A commemoration ceremony took place at the National September 11 Memorial & Museum in Lower Manhattan, New York, honouring the 2,977 people killed in the September 11, 2001 attacks, according to Xinhua news agency.
Just before the anniversary, the identification of two victims, a man and a woman whose names were kept confidential at their families' request, was announced from the deadliest terrorist attack on U.S. soil.

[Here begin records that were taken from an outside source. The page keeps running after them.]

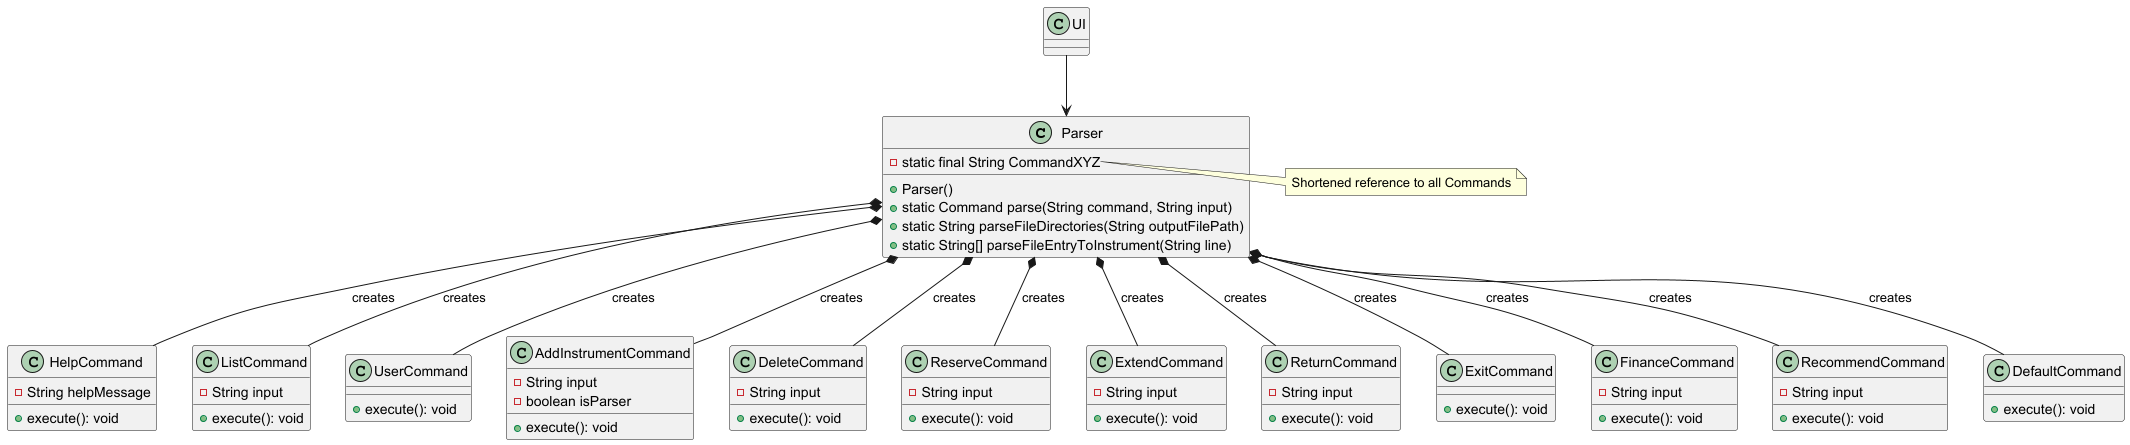

The diagram above was rendered by PlantUML. Its source (embedded in the PNG):
@startuml



class Parser {
    - static final String CommandXYZ

    + Parser()
    + static Command parse(String command, String input)
    + static String parseFileDirectories(String outputFilePath)
    + static String[] parseFileEntryToInstrument(String line)
}

note right of Parser::CommandXYZ
    Shortened reference to all Commands
end note


class HelpCommand {
    - String helpMessage
    + execute(): void
}

class ListCommand {
    - String input
    + execute(): void
}

class UserCommand {
    + execute(): void
}

class AddInstrumentCommand {
    - String input
    - boolean isParser
    + execute(): void
}

class DeleteCommand {
    - String input
    + execute(): void
}

class ReserveCommand {
    - String input
    + execute(): void
}

class ExtendCommand {
    - String input
    + execute(): void
}

class ReturnCommand {
    - String input
    + execute(): void
}

class ExitCommand {
    + execute(): void
}

class FinanceCommand {
    - String input
    + execute(): void
}

class RecommendCommand {
    - String input
    + execute(): void
}

class DefaultCommand {
    + execute(): void
}

Parser  *-- HelpCommand : creates
Parser *-- ListCommand : creates
Parser  *-- UserCommand : creates
Parser  *-- AddInstrumentCommand : creates
Parser  *-- DeleteCommand : creates
Parser  *-- ReserveCommand : creates
Parser  *-- ExtendCommand : creates
Parser  *-- ReturnCommand : creates
Parser  *-- ExitCommand : creates
Parser  *-- FinanceCommand : creates
Parser  *-- RecommendCommand : creates
Parser *--  DefaultCommand : creates

UI --> Parser

@enduml

The two new identifications represented the 1,648th and 1,649th persons identified since 2001 using advanced testing by New York City's DNA Laboratory, according to a statement by the mayor's office.
They were the first new identifications of World Trade Center victims since September 2021.
However, 1,104 victims - 40 per cent of those who died - remained unidentified, it said.
The number of 9/11 first responders who have died from Ground Zero-related health complications is nearly equal to the number of first responders who died during the attacks.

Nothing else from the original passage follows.